**TASK DESCRIPTION:**
Would you please return every line from the listing that contains the word "rotation"?

**RECORD SET:**
--- START ---

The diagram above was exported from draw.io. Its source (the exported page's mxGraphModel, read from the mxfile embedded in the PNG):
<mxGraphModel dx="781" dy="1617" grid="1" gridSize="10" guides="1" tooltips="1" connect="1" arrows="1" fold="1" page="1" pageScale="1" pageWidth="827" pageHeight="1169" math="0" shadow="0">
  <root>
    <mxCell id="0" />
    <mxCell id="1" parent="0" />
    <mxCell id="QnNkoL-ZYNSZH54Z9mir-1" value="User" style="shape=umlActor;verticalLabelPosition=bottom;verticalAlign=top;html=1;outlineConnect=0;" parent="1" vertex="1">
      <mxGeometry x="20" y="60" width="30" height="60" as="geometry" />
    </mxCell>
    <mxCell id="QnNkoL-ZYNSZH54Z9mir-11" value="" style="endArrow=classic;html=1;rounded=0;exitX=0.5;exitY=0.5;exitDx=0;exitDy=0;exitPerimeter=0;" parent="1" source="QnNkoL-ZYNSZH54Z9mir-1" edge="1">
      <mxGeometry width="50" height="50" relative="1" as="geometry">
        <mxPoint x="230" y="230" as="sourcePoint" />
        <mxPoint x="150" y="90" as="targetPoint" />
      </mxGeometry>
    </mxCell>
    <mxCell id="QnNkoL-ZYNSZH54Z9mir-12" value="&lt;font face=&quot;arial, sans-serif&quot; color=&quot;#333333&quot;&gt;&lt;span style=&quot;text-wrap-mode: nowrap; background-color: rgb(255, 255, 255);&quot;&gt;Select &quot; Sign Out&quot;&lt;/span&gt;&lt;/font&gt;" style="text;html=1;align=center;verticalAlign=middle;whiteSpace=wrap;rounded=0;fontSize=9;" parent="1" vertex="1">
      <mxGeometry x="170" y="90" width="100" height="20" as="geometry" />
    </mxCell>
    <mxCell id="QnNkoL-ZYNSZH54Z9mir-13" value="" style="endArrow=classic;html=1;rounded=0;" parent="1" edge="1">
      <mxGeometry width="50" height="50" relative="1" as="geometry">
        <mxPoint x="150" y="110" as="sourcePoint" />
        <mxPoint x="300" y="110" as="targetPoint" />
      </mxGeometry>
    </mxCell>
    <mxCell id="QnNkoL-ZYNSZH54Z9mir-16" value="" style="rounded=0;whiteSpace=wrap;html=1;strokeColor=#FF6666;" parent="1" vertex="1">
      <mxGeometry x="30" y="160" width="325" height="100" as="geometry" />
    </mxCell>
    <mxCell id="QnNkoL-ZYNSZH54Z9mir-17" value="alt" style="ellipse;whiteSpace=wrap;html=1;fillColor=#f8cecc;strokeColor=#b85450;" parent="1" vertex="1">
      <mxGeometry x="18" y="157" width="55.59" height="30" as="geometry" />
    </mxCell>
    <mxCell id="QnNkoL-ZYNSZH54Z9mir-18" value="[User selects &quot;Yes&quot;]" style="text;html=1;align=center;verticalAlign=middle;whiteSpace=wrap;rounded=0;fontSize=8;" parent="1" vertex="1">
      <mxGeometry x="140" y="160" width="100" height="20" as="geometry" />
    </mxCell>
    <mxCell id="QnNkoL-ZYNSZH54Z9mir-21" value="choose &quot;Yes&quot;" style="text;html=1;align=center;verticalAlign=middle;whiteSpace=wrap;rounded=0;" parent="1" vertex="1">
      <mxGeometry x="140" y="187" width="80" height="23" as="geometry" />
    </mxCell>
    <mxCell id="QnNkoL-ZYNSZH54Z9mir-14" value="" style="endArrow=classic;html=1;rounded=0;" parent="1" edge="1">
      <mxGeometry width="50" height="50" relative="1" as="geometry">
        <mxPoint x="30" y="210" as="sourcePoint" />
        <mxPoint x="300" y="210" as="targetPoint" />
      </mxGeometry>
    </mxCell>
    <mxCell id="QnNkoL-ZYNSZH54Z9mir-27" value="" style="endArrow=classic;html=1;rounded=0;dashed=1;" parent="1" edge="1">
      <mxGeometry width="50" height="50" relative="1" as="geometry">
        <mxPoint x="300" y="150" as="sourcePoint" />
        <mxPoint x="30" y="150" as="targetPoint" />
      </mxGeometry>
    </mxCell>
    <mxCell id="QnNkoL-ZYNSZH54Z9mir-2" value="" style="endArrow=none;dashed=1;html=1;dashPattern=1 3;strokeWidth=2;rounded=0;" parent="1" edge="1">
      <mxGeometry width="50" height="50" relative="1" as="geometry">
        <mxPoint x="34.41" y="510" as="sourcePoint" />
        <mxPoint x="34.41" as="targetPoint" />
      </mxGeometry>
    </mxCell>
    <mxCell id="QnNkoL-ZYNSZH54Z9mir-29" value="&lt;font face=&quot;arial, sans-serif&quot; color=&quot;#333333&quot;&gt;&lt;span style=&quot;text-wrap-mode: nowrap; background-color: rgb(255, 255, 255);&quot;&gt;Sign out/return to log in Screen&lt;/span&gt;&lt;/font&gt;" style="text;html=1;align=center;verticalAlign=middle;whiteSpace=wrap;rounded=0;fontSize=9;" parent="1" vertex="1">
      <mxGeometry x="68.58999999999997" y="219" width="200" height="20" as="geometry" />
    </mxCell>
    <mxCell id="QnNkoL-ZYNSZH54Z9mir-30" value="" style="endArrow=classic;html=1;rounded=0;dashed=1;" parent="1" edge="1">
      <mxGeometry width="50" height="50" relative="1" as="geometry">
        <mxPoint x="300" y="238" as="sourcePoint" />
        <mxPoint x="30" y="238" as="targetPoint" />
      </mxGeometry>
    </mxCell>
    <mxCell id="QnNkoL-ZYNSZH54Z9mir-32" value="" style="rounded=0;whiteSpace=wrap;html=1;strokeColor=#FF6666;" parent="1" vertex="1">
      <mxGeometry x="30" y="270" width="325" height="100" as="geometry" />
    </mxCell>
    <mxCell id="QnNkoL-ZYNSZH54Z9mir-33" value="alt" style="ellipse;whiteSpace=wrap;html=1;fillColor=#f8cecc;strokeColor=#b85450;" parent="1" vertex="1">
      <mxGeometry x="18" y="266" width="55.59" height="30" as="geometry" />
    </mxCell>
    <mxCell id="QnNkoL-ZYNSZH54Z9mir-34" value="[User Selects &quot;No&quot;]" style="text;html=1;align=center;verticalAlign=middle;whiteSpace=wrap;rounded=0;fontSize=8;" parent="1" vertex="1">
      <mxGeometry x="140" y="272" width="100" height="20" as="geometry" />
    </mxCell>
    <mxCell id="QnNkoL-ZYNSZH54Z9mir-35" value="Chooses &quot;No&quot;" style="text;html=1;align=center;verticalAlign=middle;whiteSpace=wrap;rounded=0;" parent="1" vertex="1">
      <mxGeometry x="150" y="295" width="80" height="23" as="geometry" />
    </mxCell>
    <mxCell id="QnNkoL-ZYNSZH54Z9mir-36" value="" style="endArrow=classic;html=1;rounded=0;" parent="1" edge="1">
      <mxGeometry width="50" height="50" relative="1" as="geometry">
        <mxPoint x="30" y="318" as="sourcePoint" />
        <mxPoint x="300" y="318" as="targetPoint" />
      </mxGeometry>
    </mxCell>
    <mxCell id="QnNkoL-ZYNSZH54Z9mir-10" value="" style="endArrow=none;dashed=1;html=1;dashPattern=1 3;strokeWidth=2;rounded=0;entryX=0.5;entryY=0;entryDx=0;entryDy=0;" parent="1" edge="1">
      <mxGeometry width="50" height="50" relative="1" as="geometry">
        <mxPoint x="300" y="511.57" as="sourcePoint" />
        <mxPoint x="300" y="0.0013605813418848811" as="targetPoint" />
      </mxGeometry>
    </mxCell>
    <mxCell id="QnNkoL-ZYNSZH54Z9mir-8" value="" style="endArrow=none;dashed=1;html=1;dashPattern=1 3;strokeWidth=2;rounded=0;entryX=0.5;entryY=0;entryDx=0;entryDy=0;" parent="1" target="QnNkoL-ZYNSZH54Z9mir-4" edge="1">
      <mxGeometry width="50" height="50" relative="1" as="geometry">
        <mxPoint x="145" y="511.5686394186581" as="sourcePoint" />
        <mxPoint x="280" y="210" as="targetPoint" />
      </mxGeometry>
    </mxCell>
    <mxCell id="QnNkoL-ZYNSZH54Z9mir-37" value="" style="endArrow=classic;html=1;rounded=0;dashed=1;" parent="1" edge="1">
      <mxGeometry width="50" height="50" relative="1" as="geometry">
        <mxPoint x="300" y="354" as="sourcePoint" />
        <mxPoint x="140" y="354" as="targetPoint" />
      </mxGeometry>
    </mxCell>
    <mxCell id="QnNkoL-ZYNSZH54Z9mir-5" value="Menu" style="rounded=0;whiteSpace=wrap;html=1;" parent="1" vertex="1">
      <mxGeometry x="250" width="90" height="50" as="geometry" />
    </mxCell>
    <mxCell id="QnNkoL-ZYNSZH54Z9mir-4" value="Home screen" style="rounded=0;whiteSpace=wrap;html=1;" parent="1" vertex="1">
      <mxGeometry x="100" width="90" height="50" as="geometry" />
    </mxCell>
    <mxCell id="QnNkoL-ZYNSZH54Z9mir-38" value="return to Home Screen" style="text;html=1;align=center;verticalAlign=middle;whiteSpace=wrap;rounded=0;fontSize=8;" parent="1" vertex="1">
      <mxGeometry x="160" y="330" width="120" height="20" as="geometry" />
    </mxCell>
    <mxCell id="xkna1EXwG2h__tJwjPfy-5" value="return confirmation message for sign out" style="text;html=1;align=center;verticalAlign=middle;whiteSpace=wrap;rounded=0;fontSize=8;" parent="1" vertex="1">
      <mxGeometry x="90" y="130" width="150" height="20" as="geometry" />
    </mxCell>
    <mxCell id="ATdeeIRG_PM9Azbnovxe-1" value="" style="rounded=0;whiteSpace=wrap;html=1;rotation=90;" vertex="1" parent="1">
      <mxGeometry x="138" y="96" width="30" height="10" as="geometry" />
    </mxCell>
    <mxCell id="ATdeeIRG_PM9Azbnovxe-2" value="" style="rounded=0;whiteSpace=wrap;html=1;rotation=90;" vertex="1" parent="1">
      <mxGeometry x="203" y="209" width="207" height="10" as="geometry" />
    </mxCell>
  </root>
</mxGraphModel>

--- END ---

**EXPECTED ANSWER:**
    <mxCell id="ATdeeIRG_PM9Azbnovxe-1" value="" style="rounded=0;whiteSpace=wrap;html=1;rotation=90;" vertex="1" parent="1">
    <mxCell id="ATdeeIRG_PM9Azbnovxe-2" value="" style="rounded=0;whiteSpace=wrap;html=1;rotation=90;" vertex="1" parent="1">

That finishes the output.